Looking for why my information was not persisting in Cosmos I have found this error in the log of cygnus repeated hundreds of times:
03 Sep 2015 02:20:18,491 ERROR [SinkRunner-PollingRunner-DefaultSinkProcessor] (com.telefonica.iot.cygnus.sinks.OrionSink.process:103) - Channel error (The Flume transaction could not be started. Details=begin() called when transaction is OPEN!)
03 Sep 2015 02:20:18,491 ERROR [SinkRunner-PollingRunner-DefaultSinkProcessor] (org.apache.flume.SinkRunner$PollingRunner.run:160) - Unable to deliver event.

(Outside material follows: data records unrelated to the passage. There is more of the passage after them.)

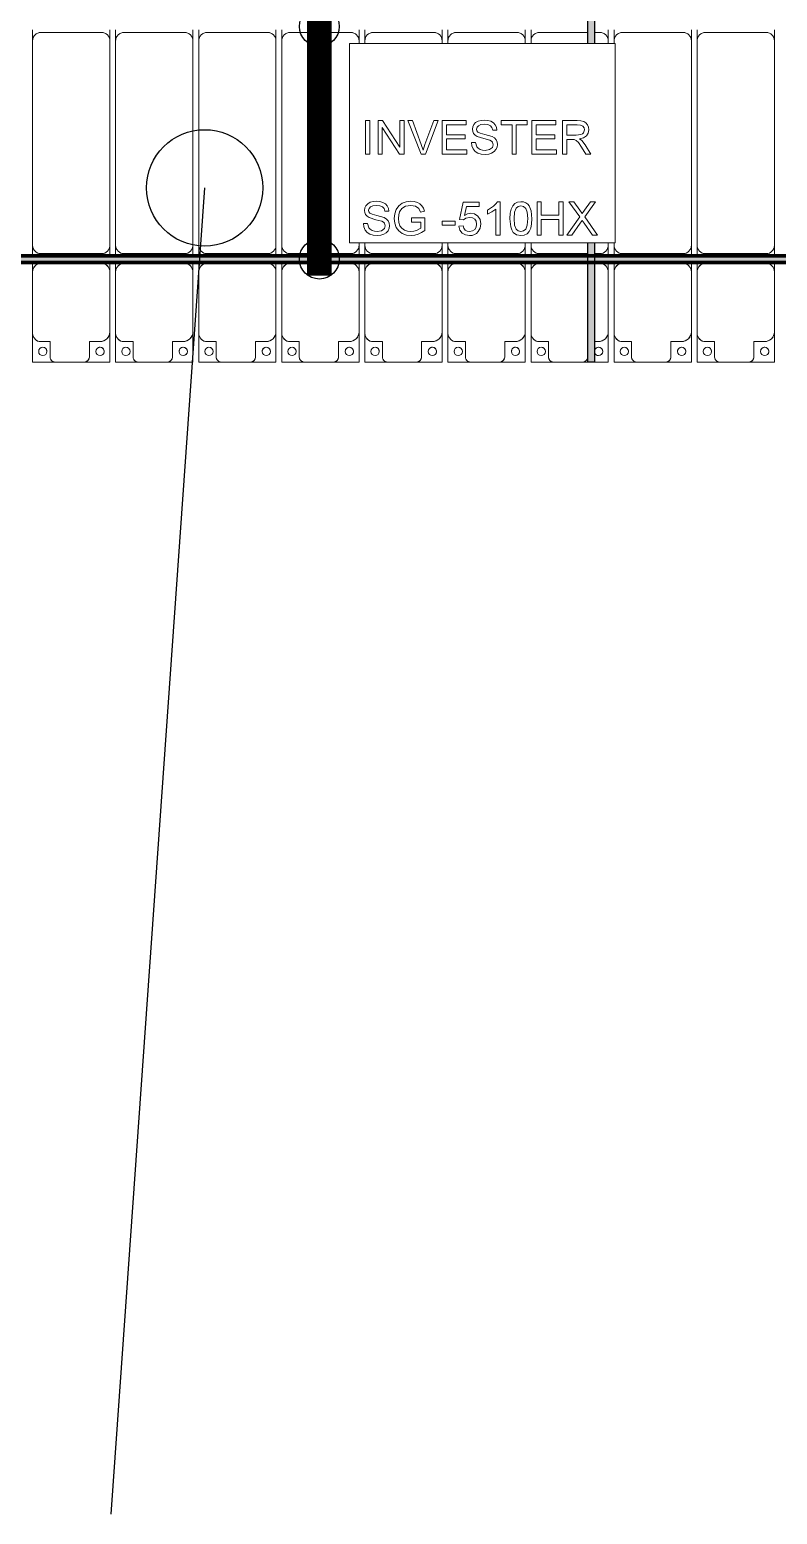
# Model space of a CAD drawing. Header units: millimetres. Extents: x -291190 to 146725, y 19759 to 185158.
# Drawn here: x 1077 to 5577, y 76860 to 85792 of the extents above; entities that cross this region are included whole.
import ezdxf

# ---------------------------------------------------------------- set-up
doc = ezdxf.new("R2010")
doc.units = ezdxf.units.MM
doc.layers.add('A-GENM', color=13, linetype='Continuous', lineweight=9)
doc.layers.add('S-BEAM', color=12, linetype='Continuous', lineweight=9)
for name, color, linetype in [('GC-BICH NEO', 6, 'Continuous'), ('GC-DAY NEO', 5, 'Continuous'), ('GC-HOP 40x60 GIA CUONG', 1, 'Continuous')]:
    doc.layers.add(name, color=color, linetype=linetype)

# ---------------------------------------------------------------- blocks, each defined once
blk = doc.blocks.new('Dải phao đi lại kèm đỡ invester - DẢI PHAO ĐI LẠI-65799-KHUNG KẾT CẤU BÈ PIN 4')
at = {"layer": 'A-GENM', "color": 7}
for p, q in [((59258.4, 1312.2), (59411.8, 1312.2)), ((59258.4, 1129.7), (59258.4, 1312.2)), ((59258.4, 1312.2), (59258.4, 1129.7)), ((59411.8, 1312.2), (59258.4, 1312.2)), ((59381.8, 1282.2), (59381.8, 1189.7)), ((59588.2, 1312.2), (59411.8, 1312.2)), ((59588.2, 1312.2), (59723.4, 1312.2)), ((59723.4, 1312.2), (59588.2, 1312.2)), ((59618.2, 1189.7), (59618.2, 1282.2)), ((59723.4, 1312.2), (59723.4, 1139.7)), ((59723.4, 1139.7), (59723.4, 1312.2)), ((59758.4, 1312.2), (59911.8, 1312.2)), ((59758.4, 1129.7), (59758.4, 1312.2)), ((59758.4, 1312.2), (59758.4, 1129.7)), ((59911.8, 1312.2), (59758.4, 1312.2)), ((59881.8, 1282.2), (59881.8, 1189.7)), ((60088.2, 1312.2), (59911.8, 1312.2)), ((60088.2, 1312.2), (60223.4, 1312.2)), ((60223.4, 1312.2), (60088.2, 1312.2)), ((60118.2, 1189.7), (60118.2, 1282.2)), ((60223.4, 1312.2), (60223.4, 1139.7)), ((60223.4, 1139.7), (60223.4, 1312.2)), ((60258.4, 1312.2), (60341.4, 1312.2)), ((60258.4, 1129.7), (60258.4, 1312.2)), ((60258.4, 1312.2), (60258.4, 1129.7)), ((60341.4, 1312.2), (60258.4, 1312.2)), ((60381.4, 1312.2), (60411.8, 1312.2)), ((60411.8, 1312.2), (60381.4, 1312.2)), ((60381.8, 1282.2), (60381.8, 1189.7)), ((60588.2, 1312.2), (60411.8, 1312.2)), ((60588.2, 1312.2), (60723.4, 1312.2)), ((60723.4, 1312.2), (60588.2, 1312.2)), ((60618.2, 1189.7), (60618.2, 1282.2)), ((60723.4, 1312.2), (60723.4, 1139.7)), ((60723.4, 1139.7), (60723.4, 1312.2)), ((60758.4, 1312.2), (60911.8, 1312.2)), ((60758.4, 1129.7), (60758.4, 1312.2)), ((60758.4, 1312.2), (60758.4, 1129.7)), ((60911.8, 1312.2), (60758.4, 1312.2)), ((60881.8, 1282.2), (60881.8, 1189.7)), ((61088.2, 1312.2), (60911.8, 1312.2)), ((61088.2, 1312.2), (61223.4, 1312.2)), ((61223.4, 1312.2), (61088.2, 1312.2)), ((61118.2, 1189.7), (61118.2, 1282.2)), ((61223.4, 1312.2), (61223.4, 1139.7)), ((61223.4, 1139.7), (61223.4, 1312.2)), ((61258.4, 1312.2), (61411.8, 1312.2)), ((61258.4, 1129.7), (61258.4, 1312.2)), ((61258.4, 1312.2), (61258.4, 1129.7)), ((61411.8, 1312.2), (61258.4, 1312.2)), ((61381.8, 1282.2), (61381.8, 1189.7)), ((61588.2, 1312.2), (61411.8, 1312.2)), ((61588.2, 1312.2), (61723.4, 1312.2)), ((61723.4, 1312.2), (61588.2, 1312.2)), ((61618.2, 1189.7), (61618.2, 1282.2)), ((61723.4, 1312.2), (61723.4, 1139.7)), ((61723.4, 1139.7), (61723.4, 1312.2)), ((61758.4, 1312.2), (61911.8, 1312.2)), ((61758.4, 1129.7), (61758.4, 1312.2)), ((61758.4, 1312.2), (61758.4, 1129.7)), ((61911.8, 1312.2), (61758.4, 1312.2)), ((61881.8, 1282.2), (61881.8, 1189.7)), ((62088.2, 1312.2), (61911.8, 1312.2)), ((62088.2, 1312.2), (62223.4, 1312.2)), ((62223.4, 1312.2), (62088.2, 1312.2)), ((62118.2, 1189.7), (62118.2, 1282.2)), ((62223.4, 1312.2), (62223.4, 1139.7)), ((62223.4, 1139.7), (62223.4, 1312.2)), ((62258.4, 1312.2), (62411.8, 1312.2)), ((62258.4, 1129.7), (62258.4, 1312.2)), ((62258.4, 1312.2), (62258.4, 1129.7)), ((62411.8, 1312.2), (62258.4, 1312.2)), ((62381.8, 1282.2), (62381.8, 1189.7)), ((62588.2, 1312.2), (62411.8, 1312.2)), ((62588.2, 1312.2), (62723.4, 1312.2)), ((62723.4, 1312.2), (62588.2, 1312.2)), ((62618.2, 1189.7), (62618.2, 1282.2)), ((62723.4, 1312.2), (62723.4, 1139.7)), ((62723.4, 1139.7), (62723.4, 1312.2)), ((62758.4, 1312.2), (62911.8, 1312.2)), ((62758.4, 1129.7), (62758.4, 1312.2)), ((62758.4, 1312.2), (62758.4, 1129.7)), ((62911.8, 1312.2), (62758.4, 1312.2)), ((62881.8, 1282.2), (62881.8, 1189.7)), ((63088.2, 1312.2), (62911.8, 1312.2)), ((63088.2, 1312.2), (63223.4, 1312.2)), ((63223.4, 1312.2), (63088.2, 1312.2)), ((63118.2, 1189.7), (63118.2, 1282.2)), ((63223.4, 1312.2), (63223.4, 1139.7)), ((63223.4, 1139.7), (63223.4, 1312.2)), ((63258.4, 1312.2), (63411.8, 1312.2)), ((63258.4, 1129.7), (63258.4, 1312.2)), ((63258.4, 1312.2), (63258.4, 1129.7)), ((63411.8, 1312.2), (63258.4, 1312.2)), ((63381.8, 1282.2), (63381.8, 1189.7)), ((63588.2, 1312.2), (63411.8, 1312.2)), ((63588.2, 1312.2), (63723.4, 1312.2)), ((63723.4, 1312.2), (63588.2, 1312.2)), ((63618.2, 1189.7), (63618.2, 1282.2)), ((63723.4, 1312.2), (63723.4, 1139.7)), ((63723.4, 1139.7), (63723.4, 1312.2)), ((59381.8, 1189.7), (59318.4, 1189.7)), ((59673.4, 1189.7), (59618.2, 1189.7)), ((59881.8, 1189.7), (59818.4, 1189.7)), ((60173.4, 1189.7), (60118.2, 1189.7)), ((60341.4, 1189.7), (60318.4, 1189.7)), ((60673.4, 1189.7), (60618.2, 1189.7)), ((60881.8, 1189.7), (60818.4, 1189.7)), ((61173.4, 1189.7), (61118.2, 1189.7)), ((61381.8, 1189.7), (61318.4, 1189.7)), ((61673.4, 1189.7), (61618.2, 1189.7)), ((61881.8, 1189.7), (61818.4, 1189.7)), ((62173.4, 1189.7), (62118.2, 1189.7)), ((62381.8, 1189.7), (62318.4, 1189.7)), ((62673.4, 1189.7), (62618.2, 1189.7)), ((62881.8, 1189.7), (62818.4, 1189.7)), ((63173.4, 1189.7), (63118.2, 1189.7)), ((63381.8, 1189.7), (63318.4, 1189.7)), ((63673.4, 1189.7), (63618.2, 1189.7)), ((59258.4, 1129.7), (59258.4, 769.7)), ((59723.4, 769.7), (59723.4, 1139.7)), ((59758.4, 1129.7), (59758.4, 769.7)), ((60223.4, 769.7), (60223.4, 1139.7)), ((60258.4, 1129.7), (60258.4, 769.7)), ((60723.4, 769.7), (60723.4, 1139.7)), ((60758.4, 1129.7), (60758.4, 769.7)), ((61223.4, 769.7), (61223.4, 1139.7)), ((61258.4, 1129.7), (61258.4, 769.7)), ((61723.4, 769.7), (61723.4, 1139.7)), ((61758.4, 1129.7), (61758.4, 769.7)), ((62223.4, 769.7), (62223.4, 1139.7)), ((62258.4, 1129.7), (62258.4, 769.7)), ((62723.4, 769.7), (62723.4, 1139.7)), ((62758.4, 1129.7), (62758.4, 769.7)), ((63223.4, 769.7), (63223.4, 1139.7)), ((63258.4, 1129.7), (63258.4, 769.7)), ((63723.4, 769.7), (63723.4, 1139.7)), ((59258.4, 712.9), (59258.4, 769.7)), ((59258.4, 712.9), (59258.4, 769.7)), ((59308.4, 719.7), (59673.4, 719.7)), ((59723.4, 769.7), (59723.4, 712.9)), ((59723.4, 769.7), (59723.4, 712.9)), ((59758.4, 712.9), (59758.4, 769.7)), ((59758.4, 712.9), (59758.4, 769.7)), ((59808.4, 719.7), (60173.4, 719.7)), ((60223.4, 769.7), (60223.4, 712.9)), ((60223.4, 769.7), (60223.4, 712.9)), ((60258.4, 712.9), (60258.4, 769.7)), ((60258.4, 712.9), (60258.4, 769.7)), ((60308.4, 719.7), (60341.4, 719.7)), ((60381.4, 719.7), (60673.4, 719.7)), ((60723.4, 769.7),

Exception follows.
org.apache.flume.EventDeliveryException: java.lang.IllegalStateException: begin() called when transaction is OPEN!
at com.telefonica.iot.cygnus.sinks.OrionSink.process(OrionSink.java:104)
at org.apache.flume.sink.DefaultSinkProcessor.process(DefaultSinkProcessor.java:68)
at org.apache.flume.SinkRunner$PollingRunner.run(SinkRunner.java:147)
at java.lang.Thread.run(Thread.java:701)
Caused by: java.lang.IllegalStateException: begin() called when transaction is OPEN!
at com.google.common.base.Preconditions.checkState(Preconditions.java:145)
at org.apache.flume.channel.BasicTransactionSemantics.begin(BasicTransactionSemantics.java:131)
at com.telefonica.iot.cygnus.sinks.OrionSink.process(OrionSink.java:101)
... 3 more
Is it a configuration error or a runtime error?
Thanks in advance.
Edit: This is a configuration file content of an agent:
# Copyright 2014 Telefónica Investigación y Desarrollo, S.A.U
#
# This file is part of fiware-cygnus (FI-WARE project).
#
# fiware-cygnus is free software: you can redistribute it and/or modify it under the terms of the GNU Affero General
# Public License as published by the Free Software Foundation, either version 3 of the License, or (at your option) any
# later version.
# fiware-cygnus is distributed in the hope that it will be useful, but WITHOUT ANY WARRANTY; without even the implied
# warranty of MERCHANTABILITY or FITNESS FOR A PARTICULAR PURPOSE. See the GNU Affero General Public License for more
# details.
#
# You should have received a copy of the GNU Affero General Public License along with fiware-cygnus. If not, see
# http://www.gnu.org/licenses/.
#
# For those usages not covered by the GNU Affero General Public License please contact with iot_support at tid dot es
#=============================================
# To be put in APACHE_FLUME_HOME/conf/agent.conf
#
# General configuration template explaining how to setup a sink of each of the available types (HDFS, CKAN, MySQL).
#=============================================
# The next tree fields set the sources, sinks and channels used by Cygnus. You could use different names than the
# ones suggested below, but in that case make sure you keep coherence in properties names along the configuration file.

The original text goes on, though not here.